Who it suits and who it does not
Persimmon works well for home cooks, professionals in food writing or agriculture, and diners who value restraint and freshness over richness or visual drama. It suits a quiet date or a small group of people comfortable with silence between courses. It does not suit large parties (the room is small), diners seeking vegetarian options (the menu typically includes only one), or anyone looking for familiar comfort food. Desserts are not heavy, so it is not the choice if you want an indulgent finish.
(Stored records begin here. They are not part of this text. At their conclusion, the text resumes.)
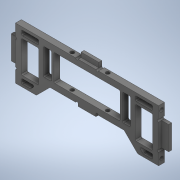
# Autodesk Inventor part: Trunk_chest_frame
Saved by Autodesk Inventor 2020.4 (Build 244396000, 396)
## iProperties
Created: 2022-01-02
Part Number: Trunk_chest_frame
Material: アセタール樹脂、黒
Document SubType Name: Modeling
Designer: Masato Kubotera
Density: 1.425 g/cm^3
Appearance: 滑らか - 黒
Mass: 13.4757 g
Surface Area: 93.011 cm^2
Volume: 9.45666 cm^3
Author: Masato Kubotera
Autodesk Inventor part; units mm, degrees
ref_plane "YZ Plane" through (0, 0, 0) normal (1, 0, 0) x (0, 1, 0)
ref_plane "XZ Plane" through (0, 0, 0) normal (0, 1, 0) x (-1, 0, 0)
ref_plane "XY Plane" through (0, 0, 0) normal (0, 0, 1) x (1, 0, 0)
sketch "スケッチ1" plane through (0, 0, 0) normal (0, 0, 1) x (1, 0, 0)
  line L0 (-60.5, 22) -> (60.5, 22) construction
  line L1 (60.5, 22) -> (60.5, -22) construction
  line L2 (60.5, -22) -> (-60.5, -22) construction
  line L3 (-60.5, -22) -> (-60.5, 22) construction
  line L4 (-60.5, 22) -> (60.5, -22) construction
  line L5 (60.5, 22) -> (-60.5, -22) construction
  line L6 (-60.5, 0) -> (60.5, 0) construction
  line L7 (-60.5, 5.75) -> (60.5, 5.75) construction
  line L8 (0, 22) -> (0, -22) construction
  line L9 (-60.5, 0) -> (60.5, 0) construction
  line L10 (7.5, 26) -> (-7.5, 26)
  line L11 (-7.5, 26) -> (-7.5, 22)
  arc A0 (-9.6, 22) -> (-7.5, 22) centre (-8.55, 22) ccw
  line L12 (-16, 22) -> (-16, -10.5) construction
  line L13 (-60.5, -10.5) -> (60.5, -10.5) construction
  line L14 (7.5, 26) -> (7.5, 22)
  arc A1 (7.5, 22) -> (9.6, 22) centre (8.55, 22) ccw
  line L15 (16, 22) -> (16, -10.5) construction
  line L16 (-60.5, 16) -> (60.5, 16) construction
  line L17 (-30, 16) -> (-30, -16) construction
  line L18 (-41.8, 16) -> (-41.8, -16) construction
  line L19 (-60.5, -16) -> (60.5, -16) construction
  line L20 (-54.5, 13.5) -> (-41.8, 13.5)
  line L21 (-40.8, 12.5) -> (-40.8, -12.5)
  line L22 (-41.8, -13.5) -> (-54.5, -13.5)
  line L23 (-55.5, -12.5) -> (-55.5, 12.5)
  line L24 (-55.5, 13.5) -> (-40.8, -13.5) construction
  line L25 (-40.8, 13.5) -> (-55.5, -13.5) construction
  arc A2 (-54.5, 13.5) -> (-55.5, 12.5) centre (-54.5, 12.5) ccw
  arc A3 (-55.5, -12.5) -> (-54.5, -13.5) centre (-54.5, -12.5) ccw
  arc A4 (-41.8, -13.5) -> (-40.8, -12.5) centre (-41.8, -12.5) ccw
  arc A5 (-40.8, 12.5) -> (-41.8, 13.5) centre (-41.8, 12.5) ccw
  arc A6 (-7.5, -10.5) -> (-9.6, -10.5) centre (-8.55, -10.5) ccw
  arc A7 (9.6, -10.5) -> (7.5, -10.5) centre (8.55, -10.5) ccw
  line L26 (-9.6, -10.5) -> (-31.3147, -10.5)
  line L27 (-60.5, -22) -> (-42.8147, -22)
  line L28 (-60.5, 22) -> (-9.6, 22)
  line L29 (-54.5, 19.75) -> (-41.8, 19.75)
  line L30 (-40.8, 18.75) -> (-40.8, 16.75)
  line L31 (-41.8, 15.75) -> (-54.5, 15.75)
  line L32 (-55.5, 16.75) -> (-55.5, 18.75)
  line L33 (-55.5, 19.75) -> (-40.8, 15.75) construction
  line L34 (-40.8, 19.75) -> (-55.5, 15.75) construction
  line L35 (-30, 22) -> (-30, 26) construction
  line L36 (-30, 26) -> (30, 26) construction
  line L37 (30, 26) -> (30, 22) construction
  line L38 (30, 22) -> (-30, 26) construction
  line L39 (-30, 22) -> (30, 26) construction
  line L40 (-28, 26) -> (-28, -16) construction
  line L41 (-7.5, -10.5) -> (-7.5, -12.5)
  line L42 (-7.5, -12.5) -> (7.5, -12.5)
  line L43 (7.5, -10.5) -> (7.5, -12.5)
  line L44 (-7.5, -12.5) -> (-28, -12.5) construction
  line L45 (-60.5, 10) -> (-66.5, 10)
  line L46 (-66.5, 10) -> (-66.5, -10)
  line L47 (-60.5, -10) -> (-66.5, -10)
  arc A8 (-60.5, 10) -> (-60.5, 12.1) centre (-60.5, 11.05) ccw
  arc A9 (-60.5, -12.1) -> (-60.5, -10) centre (-60.5, -11.05) ccw
  line L48 (-60.5, 22) -> (-60.5, 12.1)
  line L49 (-60.5, -12.1) -> (-60.5, -22)
  arc A10 (-54.5, 19.75) -> (-55.5, 18.75) centre (-54.5, 18.75) ccw
  arc A11 (-55.5, 16.75) -> (-54.5, 15.75) centre (-54.5, 16.75) ccw
  arc A12 (-40.8, 18.75) -> (-41.8, 19.75) centre (-41.8, 18.75) ccw
  arc A13 (-41.8, 15.75) -> (-40.8, 16.75) centre (-41.8, 16.75) ccw
  line L50 (-55.5, 17.75) -> (-60.5, 17.75) construction
  line L51 (-60.5, 15.75) -> (-56.5, 15.75) construction
  line L52 (-60.5, 19.75) -> (-56.5, 19.75) construction
  line L53 (-54.5, -19.75) -> (-48.05, -19.75)
  arc A14 (-55.5, -18.75) -> (-54.5, -19.75) centre (-54.5, -18.75) ccw
  arc A15 (-54.5, -15.75) -> (-55.5, -16.75) centre (-54.5, -16.75) ccw
  line L54 (-55.5, -17.75) -> (-60.5, -17.75) construction
  line L55 (-60.5, -15.75) -> (-56.5, -15.75) construction
  line L56 (-60.5, -19.75) -> (-56.5, -19.75) construction
  line L57 (-55.5, -16.75) -> (-55.5, -18.75)
  line L58 (0, 26) -> (0, -12.5)
  line L59 (-60.5, 10) -> (-60.5, -10)
  line L60 (-7.5, 22) -> (7.5, 22)
  line L61 (-35.8, 17) -> (-31, 17)
  line L62 (-30, 16) -> (-30, -4.5)
  line L63 (-31, -5.5) -> (-35.8, -5.5)
  line L64 (-36.8, 17) -> (-30, -5.5) construction
  line L65 (-30, 17) -> (-36.8, -5.5) construction
  arc A16 (-35.8, 17) -> (-36.8, 16) centre (-35.8, 16) ccw
  arc A17 (-30, 16) -> (-31, 17) centre (-31, 16) ccw
  arc A18 (-31, -5.5) -> (-30, -4.5) centre (-31, -4.5) ccw
  arc A19 (-36.8, -4.5) -> (-35.8, -5.5) centre (-35.8, -4.5) ccw
  line L66 (27, 17) -> (-27, 17)
  line L67 (-28, 16) -> (-28, -4.5)
  line L68 (-27, -5.5) -> (27, -5.5)
  line L69 (28, -4.5) -> (28, 16)
  line L70 (28, 17) -> (-28, -5.5) construction
  line L71 (-28, 17) -> (28, -5.5) construction
  arc A20 (-27, 17) -> (-28, 16) centre (-27, 16) ccw
  arc A21 (-28, -4.5) -> (-27, -5.5) centre (-27, -4.5) ccw
  arc A22 (27, -5.5) -> (28, -4.5) centre (27, -4.5) ccw
  arc A23 (28, 16) -> (27, 17) centre (27, 16) ccw
  line L72 (-36.8, 16) -> (-36.8, -4.5)
  line L73 (-42.8147, -22) -> (-31.3147, -10.5)
  line L74 (-45.3429, -17.4571) -> (-47.3429, -19.4571)
  line L75 (-46.05, -15.75) -> (-54.5, -15.75)
  arc A24 (-45.3429, -17.4571) -> (-46.05, -15.75) centre (-46.05, -16.75) ccw
  arc A25 (-48.05, -19.75) -> (-47.3429, -19.4571) centre (-48.05, -18.75) ccw
  point P0 (0, 0)
  point P1 (-48.15, 0)
  point P2 (-48.15, 17.75)
  point P3 (0, 24)
  point P4 (0, 24)
  point P5 (0, 22)
  point P6 (-33.4, 5.75)
  point P7 (0, 5.75)
  point P8 (0, -5.5)
  point P9 (0, 17)
  dimension "d0" = 121
  dimension "d3" = 16.25
  dimension "d4" = 1.05
  dimension "d5" = 32.5
  dimension "d6" = 32
  dimension "d7" = 15
  dimension "d8" = 4
  dimension "d11" = 30.5
  dimension "d12" = 11.8
  dimension "d13" = 32
  dimension "d14" = 16
  dimension "d15" = 6
  dimension "d16" = 1
  dimension "d18" = 1
  dimension "d19" = 5
  dimension "d20" = 5.5
  dimension "d21" = 6
  dimension "d26" = 27
  dimension "d29" = 4
  dimension "d30" = 2
  dimension "d31" = 2
  dimension "d32" = 1.05
  dimension "d33" = 6
  dimension "d34" = 20
  dimension "d35" = 8.5
  dimension "d36" = 4.25
  dimension "d37" = 1
  dimension "d38" = 4
  dimension "d39" = 35.5
  dimension "d67" = 44
  dimension "d81" = 1
  dimension "d87" = 1
  dimension "d88" = 5
  dimension "d90" = 4
  dimension "d91" = 2
  dimension "d98" = 2
  dimension "d99" = 5.75
  dimension "d100" = 5
  dimension "d101" = 45
  dimension "d102" = 1
  constraints: 150 end point, 57 point on line, 52 point on circle, 37 tangent, 31 symmetric about line, 26 centre point, 21 midpoint, 16 perpendicular, 13 equal radius, 12 horizontal, 12 parallel, 8 collinear, 4 vertical, 18 other
  measures "d0" distance of L1.end L2.end
  measures "d3" distance of L7.start L0.start
  measures "d4" radius of A0
  measures "d5" distance of L13.start L0.start
  measures "d6" distance of L15.start L12.start
  measures "d7" distance of L10.start L10.end
  measures "d8" distance of L10.start L14.end
  measures "d11" distance of L16.start L17.start
  measures "d12" distance of L17.start L18.start
  measures "d13" distance of L16.start L19.start
  measures "d14" distance of L19.start L6.start
  measures "d15" distance of L2.end L19.start
  measures "d16" radius of A2
  measures "d18" distance between parallel lines of L21 L18
  measures "d19" distance from line of L0.start L23
  measures "d20" distance of L19.start L13.start
  measures "d21" distance of L16.start L0.start
  measures "d26" distance of L22.start L20.end
  measures "d29" distance of L34.start L33.end
  measures "d30" distance of L41.start L41.end
  measures "d31" distance of L35.end L40.start
  measures "d32" radius of A8
  measures "d33" distance of L45.end L45.start
  measures "d34" distance of L45.end L46.end
  measures "d35" vertical distance of L20.start L0.start
  measures "d36" vertical distance of L0.start point (-48.15, 17.75)
  measures "d37" radius of A10
  measures "d38" distance of L51.end L52.end
  measures "d39" distance of L54.end L50.end
  measures "d67" distance of L2.end L0.start
  measures "d81" radius of A16
  measures "d87" radius of A20
  measures "d88" distance between parallel lines of L66 L0
  measures "d90" distance between parallel lines of L21 L72
  measures "d91" distance between parallel lines of L67 L62
  measures "d98" horizontal distance of L35.start L67.start
  measures "d99" distance of L6.start L7.start
  measures "d100" distance between parallel lines of L74 L73
  measures "d101" angle of L73 L27
  measures "d102" radius of A24
extrude "押し出し1" add sketch "スケッチ1" along normal blind 5 contours L58 L66 A20 L67 A21 L68 L42 L41 A6 L26 L73 L27 L49 A9 L59 A8 L48 L28 A0 L60
extrude "押し出し2" add sketch "スケッチ1" along normal blind 2.5 contours L58 L60 L11 L10 | L59 L47 L46 L45
sketch "スケッチ2" plane through (-60.5, 12.1, 0) normal (-1, 0, 0) x (0, 0, 1)
  line L0 (2.5, 9.9) -> (2.5, -34.1)
  line L1 (0, -34.1) -> (5, -34.1) projected
  line L2 (0, -12.1) -> (5, -12.1)
  line L3 (0, 9.9) -> (5, 9.9) projected
  line L4 (5, -2.1) -> (5, -22.1) projected
  point P0 (2.5, 5.65)
  point P1 (2.5, -29.85)
  dimension "d42" = 35.5
  constraints: 4 end point, 3 midpoint, 2 point on line, 1 symmetric about line
  measures "d42" distance of point (2.5, -29.85) point (2.5, 5.65)
hole "穴1" at (-60.5, -17.75, 2.5) at (-60.5, 17.75, 2.5) direction (1, 0, 0) diameter 3.242 depth 5 tip angle 118 thread size "M4x0.7" class "6H" standard "ISO Metric profile"
sketch "スケッチ3" plane through (-60.5, 22, 0) normal (0, 1, 0) x (1, 0, 0)
  line L0 (0, 0) -> (0, -5) projected
  line L1 (0, -2.5) -> (60.5, -2.5)
  line L2 (0, 0) -> (0, -5) projected
  line L3 (60.5, 0) -> (60.5, -5) projected
  point P0 (45.5, -2.5)
  dimension "d94" = 15
  constraints: 2 end point, 2 midpoint, 1 horizontal, 1 point on line
  measures "d94" distance from line of L3 point (45.5, -2.5)
hole "穴2" at (-15, 22, 2.5) direction (0, -1, 0) diameter 3.242 depth 5 tip angle 118 thread size "M4x0.7" class "6H" standard "ISO Metric profile"
sketch "スケッチ4" plane through (-20, -10.5, 0) normal (0, -1, 0) x (1, 0, 0)
  circle A0 centre (5, 2.5) radius 1.621 projected
  point P0 (20, 0)
  point P1 (5, 2.5)
  constraints: 1 coincident
hole "穴3" at (-15, -10.5, 2.5) direction (0, 1, 0) diameter 3.242 depth 5 tip angle 118 thread size "M4x0.7" class "6H" standard "ISO Metric profile"
mirror "ミラー1" about plane through (0, -12.5, 0) normal (1, 0, 0)
fillet "フィレット2" radius 1 2 edges at (-42.8147, -22, 2.5) (-31.3147, -10.5, 2.5)
fillet "フィレット3" radius 2 1 edges at (42.8147, -22, 2.5)
equation "\"d3\" = 0.5 * d5"
equation "\"d14\" = 0.5 * d13"
equation "\"d18\" = d17"
equation "\"d32\" = d4"
equation "\"d17\" = 1"

What the first visit involves
Arrive between 5:30 and 10 p.m. (Persimmon is open Wednesday through Saturday for dinner only). The dining room is intimate but not formal; you will see the open kitchen and watch cooks plate dishes. Service is knowledgeable and paced to let you move through courses without rush. There is no menu preview online, so arrive ready to respond to what the kitchen is sourcing that season. Expect to spend roughly two and a half hours, including drinks and dessert.
Hours, parking, and logistics
Persimmon operates Wednesday through Saturday from 5:30 to 10 p.m. Street parking is available on the surrounding Canton streets, though it can be tight on weekends; there is no dedicated lot. The restaurant does not take reservations; seating is first-come, first-served, and a wait of 30 minutes to an hour is common on Friday and Saturday nights. Call ahead to confirm hours, as seasonal closures occasionally occur.
Persimmon deserves its position in Baltimore's dining landscape because it treats sourcing and simplicity as primary disciplines rather than marketing language, and it has sustained that commitment across four years in a neighborhood increasingly dense with new restaurants.